Inspiré par l’académie de Jean-Marc Guillou qui a fait éclore plusieurs stars du football ivoirien, l’institut Cissé, créé en 2007, prend gratuitement en charge des joueurs amateurs ivoiriens et tente de les protéger des chimères européennes.
Financé par Souleymane Cissé, ex-joueur ivoirien aujourd’hui entraîneur adjoint du club de Monaco, l’école a même réussi à bricoler un terrain aux dimensions règlementaires. Au bout d’un petit chemin de terre, face à la lagune d’Abidjan, ce grand champ plein de trous entouré de palmiers et d’hévéas sert de stade d’entraînement à l’équipe.
« Pas le paradis »
Depuis la crise politico-militaire qui a frappé le pays en 2010-2011, le gazon « venu d’Europe« s’est raréfié. « La Côte d’Ivoire manque d’infrastructures et les conditions de jeu sont mauvaises. Si vous vous blessez ici, vous ne serez pas bien soigné », regrette M.Koné.
Derrière les succès de sa sélection nationale, le football ivoirien, sans moyens et sans ambition, ne suffit plus aux jeunes joueurs. Le salaire moyen d’un joueur de première division ne dépasse pas 150.000 francs CFA mensuels (230 euros) et le niveau du championnat reste faible. Les clubs ivoiriens n’ont plus remporté de trophée continental depuis 1999.
Sidick Camara, a eu sa chance de l’autre côté de la Méditerranée, grâce aux partenariats de l’institut Cissé.
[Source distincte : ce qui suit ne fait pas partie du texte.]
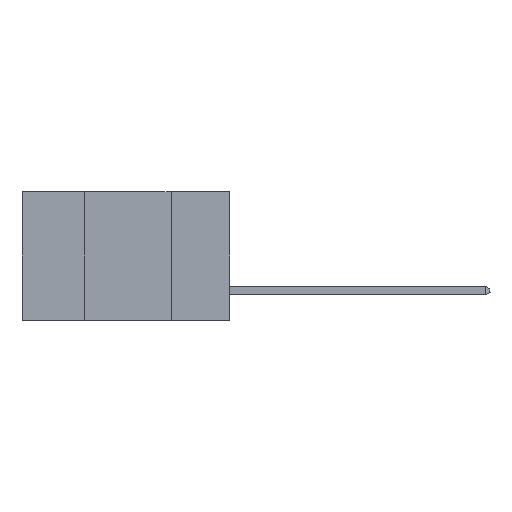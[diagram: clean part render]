
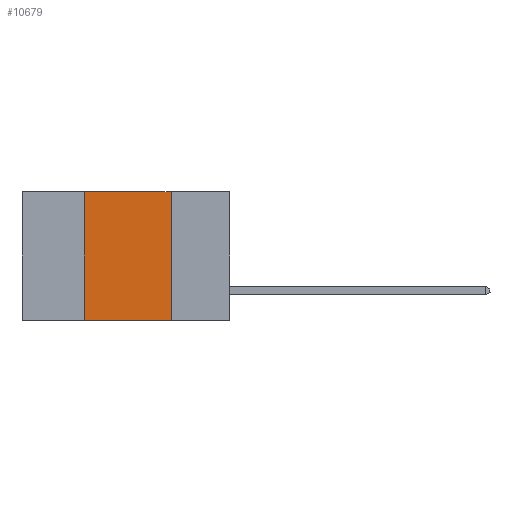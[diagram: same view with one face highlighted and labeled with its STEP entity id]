
A CAD part, left-side view. The second image highlights one B-rep face of the part: STEP entity #10679.
In plain terms, the highlighted planar face has unit normal (-1, 0, 0).
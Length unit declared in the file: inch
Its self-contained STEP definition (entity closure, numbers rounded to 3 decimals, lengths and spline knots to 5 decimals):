
#238 = VECTOR ( 'NONE', #1723, 39.37008 ) ;
#529 = EDGE_CURVE ( 'NONE', #4767, #849, #7337, .T. ) ;
#679 = LINE ( 'NONE', #10797, #6821 ) ;
#818 = PLANE ( 'NONE',  #6741 ) ;
#849 = VERTEX_POINT ( 'NONE', #12152 ) ;
#1207 = DIRECTION ( 'NONE',  ( 0., 0., 1. ) ) ;
#1418 = LINE ( 'NONE', #10716, #4862 ) ;
#1723 = DIRECTION ( 'NONE',  ( 0., 0., -1. ) ) ;
#2032 = DIRECTION ( 'NONE',  ( 0., -1., 0. ) ) ;
#2211 = ORIENTED_EDGE ( 'NONE', *, *, #4692, .F. ) ;
#2342 = EDGE_CURVE ( 'NONE', #3314, #11239, #679, .T. ) ;
#3314 = VERTEX_POINT ( 'NONE', #4249 ) ;
#3431 = ORIENTED_EDGE ( 'NONE', *, *, #7662, .F. ) ;
#3648 = CARTESIAN_POINT ( 'NONE',  ( 0., 0.17, 0. ) ) ;
#4249 = CARTESIAN_POINT ( 'NONE',  ( 0., 0.42, -0.37 ) ) ;
#4692 = EDGE_CURVE ( 'NONE', #849, #11239, #5199, .T. ) ;
#4767 = VERTEX_POINT ( 'NONE', #11351 ) ;
#4862 = VECTOR ( 'NONE', #1207, 39.37008 ) ;
#5199 = LINE ( 'NONE', #3648, #238 ) ;
#5815 = CARTESIAN_POINT ( 'NONE',  ( 0., 0.17, -0.37 ) ) ;
#6133 = ORIENTED_EDGE ( 'NONE', *, *, #529, .F. ) ;
#6741 = AXIS2_PLACEMENT_3D ( 'NONE', #11261, #7520, #11298 ) ;
#6821 = VECTOR ( 'NONE', #12236, 39.37008 ) ;
#7337 = LINE ( 'NONE', #8666, #9854 ) ;
#7520 = DIRECTION ( 'NONE',  ( 1., 0., 0. ) ) ;
#7662 = EDGE_CURVE ( 'NONE', #3314, #4767, #1418, .T. ) ;
#8417 = ORIENTED_EDGE ( 'NONE', *, *, #2342, .T. ) ;
#8666 = CARTESIAN_POINT ( 'NONE',  ( 0., 0.6, 0. ) ) ;
#9854 = VECTOR ( 'NONE', #2032, 39.37008 ) ;
#10321 = EDGE_LOOP ( 'NONE', ( #2211, #6133, #3431, #8417 ) ) ;
#10679 = ADVANCED_FACE ( 'NONE', ( #12111 ), #818, .F. ) ;
#10716 = CARTESIAN_POINT ( 'NONE',  ( 0., 0.42, 0. ) ) ;
#10797 = CARTESIAN_POINT ( 'NONE',  ( 0., 0.6, -0.37 ) ) ;
#11239 = VERTEX_POINT ( 'NONE', #5815 ) ;
#11261 = CARTESIAN_POINT ( 'NONE',  ( 0., 0.6, 0. ) ) ;
#11298 = DIRECTION ( 'NONE',  ( 0., 0., -1. ) ) ;
#11351 = CARTESIAN_POINT ( 'NONE',  ( 0., 0.42, 0. ) ) ;
#12111 = FACE_OUTER_BOUND ( 'NONE', #10321, .T. ) ;
#12152 = CARTESIAN_POINT ( 'NONE',  ( 0., 0.17, 0. ) ) ;
#12236 = DIRECTION ( 'NONE',  ( 0., -1., 0. ) ) ;
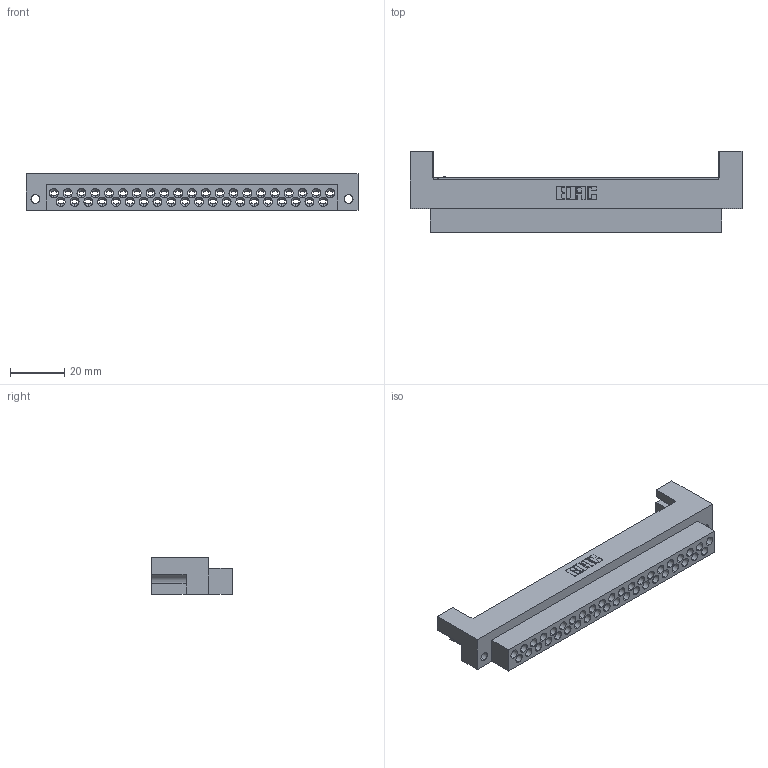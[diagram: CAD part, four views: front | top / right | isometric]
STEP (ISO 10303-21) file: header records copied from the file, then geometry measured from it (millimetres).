
FILE_DESCRIPTION (( 'STEP AP203' ), '1' );
FILE_NAME ('415-041-000-212.STEP', '2020-03-12T19:44:45', ( '' ), ( '' ), 'SwSTEP 2.0', 'SolidWorks 2016', '' );
FILE_SCHEMA (( 'CONFIG_CONTROL_DESIGN' ));
Length unit declared in the file: millimetre
Products named in the file (2): 415-041-000-212; 415-210-001_415-210-041-212
Assembly tree (1 placements, depth 2):
  415-041-000-212
    415-210-001_415-210-041-212
Bounding box: 122.07 x 29.77 x 13.49 mm (x, y, z)
Volume: 20154.4 mm3; surface area: 19772.3 mm2
Topology: 1 solids, 1 shells, 1226 faces, 3644 edges, 2387 vertices
Faces by surface type: plane 953, cylinder 128, cone 123, bspline 22
Entity records: 42369 total; most frequent: CARTESIAN_POINT 9823, ORIENTED_EDGE 7288, DIRECTION 6069, EDGE_CURVE 3644, VECTOR 2563, LINE 2563, VERTEX_POINT 2387, AXIS2_PLACEMENT_3D 1753

Ce milieu de terrain de 20 ans a passé cinq mois en stage dans le club de Coimbra, en première division portugaise.
« Je me suis rendu compte que ce n’était pas facile du tout », se souvient le joueur qui évolue maintenant en championnat amateur ivoirien. « Il faisait froid, la nourriture était différente, la langue aussi était une barrière. Nous étions quatre Africains à l’essai. Aucun n’a été retenu », regrette-t-il, dépité.
Ce premier échec n’a pourtant pas découragé Sidick qui s’accroche encore à l’idée d’une carrière dorée sur le Vieux Continent.« L’Europe, ce n’est pas forcément le paradis. Mais le paradis, ça se trouve où ? », s’interroge-t-il. A côté de lui, l’entraîneur Yao Komenan hoche la tête, fataliste. « Revenir en Afrique, pour eux, c’est revenir en enfer ».